VIRAL

O seu esfoliante pode estar te fazendo mais mal do que você pensa. E te mostramos o porquê

Você sabia que aquelas microparticulas dentro deles são, na verdade, puro plástico?

17/02/2017 14:41 -02 | Atualizado 20/02/2017 10:31 -03
Getty Images/iStockphoto

Esfoliantes são usados por milhões de pessoas em rituais diários de beleza e bem-estar. O que muitos não sabem, porém, é que aquelas bolinhas que removem as impurezas e peles mortas, são, muitas vezes, plásticos que vão direto para os oceanos.

Essas microesferas de plásticos são usadas em esfoliantes e até em creme dental -- sabe aquelas micropartículas "limpadoras" que colocam no rótulo? -- e, por serem tão pequenas (medem, no máximo, um milímetro), acabam passando facilmente pelos sistemas de tratamento de esgoto e são despejadas nos rios e mares impactando, assim, ecossistemas marítimos. E não só isso: por serem tão pequenas, essas microbolinhas são ingeridas por animais marinhos e entram na cadeia alimentar, chegando inclusive, no seu prato.

"Esses materiais podem ficar acumulados até o final da cadeia e podemos consumir animais infectados", disse a oceanógrafa e doutoranda da FURG (Universidade Federal do Rio Grande), Ana Luzia Lacerda.

Além disso, a oceanógrafa alerta para outros riscos que esse material pode trazer. "Estudos mostram que comunidades de organismos, como bactérias e vírus, estão se desenvolvendo na superfície desses plásticos e, quando consumidos, podem ser vetores de doenças."

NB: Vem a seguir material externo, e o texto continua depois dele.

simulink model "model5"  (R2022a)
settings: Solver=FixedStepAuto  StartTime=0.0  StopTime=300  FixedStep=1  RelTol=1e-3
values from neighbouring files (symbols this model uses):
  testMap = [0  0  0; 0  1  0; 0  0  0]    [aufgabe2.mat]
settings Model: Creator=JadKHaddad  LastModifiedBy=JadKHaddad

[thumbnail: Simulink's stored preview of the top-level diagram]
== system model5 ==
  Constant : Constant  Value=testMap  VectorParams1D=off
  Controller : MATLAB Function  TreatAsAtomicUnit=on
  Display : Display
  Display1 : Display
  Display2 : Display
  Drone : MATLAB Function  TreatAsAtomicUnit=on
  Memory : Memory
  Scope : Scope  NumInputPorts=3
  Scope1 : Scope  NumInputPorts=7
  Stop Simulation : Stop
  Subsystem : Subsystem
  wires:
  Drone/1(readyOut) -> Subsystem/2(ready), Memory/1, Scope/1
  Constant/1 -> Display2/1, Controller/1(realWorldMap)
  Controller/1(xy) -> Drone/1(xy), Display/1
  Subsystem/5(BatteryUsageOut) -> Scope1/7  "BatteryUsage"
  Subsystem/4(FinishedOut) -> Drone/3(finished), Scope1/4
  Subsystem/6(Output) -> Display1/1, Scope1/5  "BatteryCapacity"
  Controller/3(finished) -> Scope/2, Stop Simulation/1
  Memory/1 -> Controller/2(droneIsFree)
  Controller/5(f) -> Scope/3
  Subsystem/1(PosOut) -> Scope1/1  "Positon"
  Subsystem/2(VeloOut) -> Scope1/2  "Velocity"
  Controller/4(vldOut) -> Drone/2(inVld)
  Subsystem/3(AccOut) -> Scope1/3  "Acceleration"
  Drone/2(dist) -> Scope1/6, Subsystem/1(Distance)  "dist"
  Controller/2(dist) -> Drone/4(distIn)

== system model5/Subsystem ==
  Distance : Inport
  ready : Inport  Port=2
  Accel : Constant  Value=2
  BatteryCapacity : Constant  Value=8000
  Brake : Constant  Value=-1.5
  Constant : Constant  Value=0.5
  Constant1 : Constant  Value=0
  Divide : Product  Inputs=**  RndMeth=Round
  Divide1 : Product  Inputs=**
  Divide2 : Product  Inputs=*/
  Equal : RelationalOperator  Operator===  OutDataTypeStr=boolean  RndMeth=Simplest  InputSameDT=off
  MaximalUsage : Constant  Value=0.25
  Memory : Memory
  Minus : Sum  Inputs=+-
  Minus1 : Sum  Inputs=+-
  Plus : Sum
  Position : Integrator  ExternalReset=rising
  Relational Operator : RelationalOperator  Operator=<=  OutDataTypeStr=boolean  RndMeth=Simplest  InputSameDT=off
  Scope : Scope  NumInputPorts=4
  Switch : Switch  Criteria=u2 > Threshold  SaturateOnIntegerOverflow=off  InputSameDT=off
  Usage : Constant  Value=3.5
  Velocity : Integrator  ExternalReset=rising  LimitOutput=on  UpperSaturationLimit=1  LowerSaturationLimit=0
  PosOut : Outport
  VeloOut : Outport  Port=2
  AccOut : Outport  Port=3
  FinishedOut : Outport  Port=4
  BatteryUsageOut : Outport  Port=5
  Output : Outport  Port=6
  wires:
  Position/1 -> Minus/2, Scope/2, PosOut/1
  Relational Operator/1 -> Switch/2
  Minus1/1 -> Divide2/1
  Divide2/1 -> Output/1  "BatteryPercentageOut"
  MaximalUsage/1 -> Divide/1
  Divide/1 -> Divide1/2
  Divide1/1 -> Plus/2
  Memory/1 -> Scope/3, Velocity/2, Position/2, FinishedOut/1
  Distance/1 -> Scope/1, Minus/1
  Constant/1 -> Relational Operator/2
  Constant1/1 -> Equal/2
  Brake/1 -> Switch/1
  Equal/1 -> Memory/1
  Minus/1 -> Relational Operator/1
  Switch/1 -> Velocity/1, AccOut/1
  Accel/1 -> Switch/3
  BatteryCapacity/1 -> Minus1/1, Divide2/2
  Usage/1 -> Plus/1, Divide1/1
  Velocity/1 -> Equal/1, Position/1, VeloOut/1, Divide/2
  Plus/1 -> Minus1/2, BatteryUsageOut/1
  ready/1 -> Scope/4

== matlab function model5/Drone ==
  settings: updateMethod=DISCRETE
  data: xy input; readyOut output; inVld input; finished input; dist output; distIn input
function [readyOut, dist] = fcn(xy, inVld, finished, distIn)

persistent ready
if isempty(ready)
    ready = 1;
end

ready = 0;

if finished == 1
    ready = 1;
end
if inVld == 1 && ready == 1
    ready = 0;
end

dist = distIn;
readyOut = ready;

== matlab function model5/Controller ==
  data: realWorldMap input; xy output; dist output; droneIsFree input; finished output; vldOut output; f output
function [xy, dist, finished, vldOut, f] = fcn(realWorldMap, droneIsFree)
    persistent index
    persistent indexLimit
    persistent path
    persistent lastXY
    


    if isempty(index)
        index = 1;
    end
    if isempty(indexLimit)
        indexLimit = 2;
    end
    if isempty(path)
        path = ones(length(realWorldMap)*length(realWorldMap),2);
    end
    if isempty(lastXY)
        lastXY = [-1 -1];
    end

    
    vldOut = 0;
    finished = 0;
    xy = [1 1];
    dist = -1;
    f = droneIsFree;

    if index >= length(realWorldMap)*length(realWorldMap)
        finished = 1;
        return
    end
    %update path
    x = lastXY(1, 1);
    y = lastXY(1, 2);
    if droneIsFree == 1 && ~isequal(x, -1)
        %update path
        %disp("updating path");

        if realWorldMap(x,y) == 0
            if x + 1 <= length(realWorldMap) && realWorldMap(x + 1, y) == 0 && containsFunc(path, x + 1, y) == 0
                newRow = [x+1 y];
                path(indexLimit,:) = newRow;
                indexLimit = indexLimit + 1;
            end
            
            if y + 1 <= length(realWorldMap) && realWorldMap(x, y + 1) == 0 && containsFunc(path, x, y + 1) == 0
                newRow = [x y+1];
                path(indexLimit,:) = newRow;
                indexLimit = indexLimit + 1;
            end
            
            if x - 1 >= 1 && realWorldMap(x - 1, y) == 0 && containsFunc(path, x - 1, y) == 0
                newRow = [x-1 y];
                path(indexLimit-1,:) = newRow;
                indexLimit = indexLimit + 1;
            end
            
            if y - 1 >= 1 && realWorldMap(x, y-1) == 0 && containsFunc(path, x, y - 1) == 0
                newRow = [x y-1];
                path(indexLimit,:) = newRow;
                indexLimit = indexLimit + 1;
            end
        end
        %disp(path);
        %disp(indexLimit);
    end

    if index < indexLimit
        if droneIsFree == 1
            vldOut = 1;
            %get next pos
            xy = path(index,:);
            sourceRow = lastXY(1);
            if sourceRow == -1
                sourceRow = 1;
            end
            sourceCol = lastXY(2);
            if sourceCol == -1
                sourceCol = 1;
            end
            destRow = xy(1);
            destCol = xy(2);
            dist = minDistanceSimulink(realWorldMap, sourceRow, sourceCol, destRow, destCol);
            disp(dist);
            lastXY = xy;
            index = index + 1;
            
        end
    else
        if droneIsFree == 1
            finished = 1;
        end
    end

Essas bolinhas flutuam com as correntes marítimas e podem infectar outros ecossistemas que nunca tiveram contato com esses organismos.

Flickr/Beat The Microbead

'Sopa de plástico'

As micropartículas de plásticos começaram a ser usadas pela indústria cosmética no início dos anos 2000 por serem mais baratas e terem eficácia parecida com produtos naturais. De lá pra cá, essas partículas foram colocadas em esfoliantes, cremes dentais, sabonetes esfoliantes e até cremes de limpeza.

O impacto desse componente, no entanto, começou a ser estudado há poucos anos e já preocupa o mundo. Diversas ONGs especializadas em campanhas para banir o uso de microplásticos dizem que, todos os anos, os mares recebem mais de bilhões de pequenas bolinhas de plásticos -- o que está transformando os mares em verdadeiras "sopas de plástico."

Pesquisadores da Universidade de Ghent, na Bélgica, divulgaram um estudo que sugere que pessoas que comem frutos do mar ingerem, todos os anos, mais de 11 mil pequenos pedaços de microplástico e alertaram sobre os riscos para a saúde à medida que essas substâncias vão sendo acumuladas no corpo a longo prazo.

"Agora que sabemos que eles [microplásticos] entram em nosso organismo e ficam por algum tempo, precisamos saber o destino desses plásticos", disse Colin Janssen, coordenador do estudo ao The Telegraph. "Para onde eles vão? Eles são encapsulados por tecidos e expelidos pelo corpo ou causam inflamação ou coisas piores?"

O estudo, um dos primeiros sobre o tema, calculou que 99% dos microplásticos são expelidos pelo corpo humano. Mas o restante preocupou os pesquisadores. "Os produtos são tóxicos? Nós não sabemos e realmente precisamos saber."

Como saber se meu esfoliante tem plástico?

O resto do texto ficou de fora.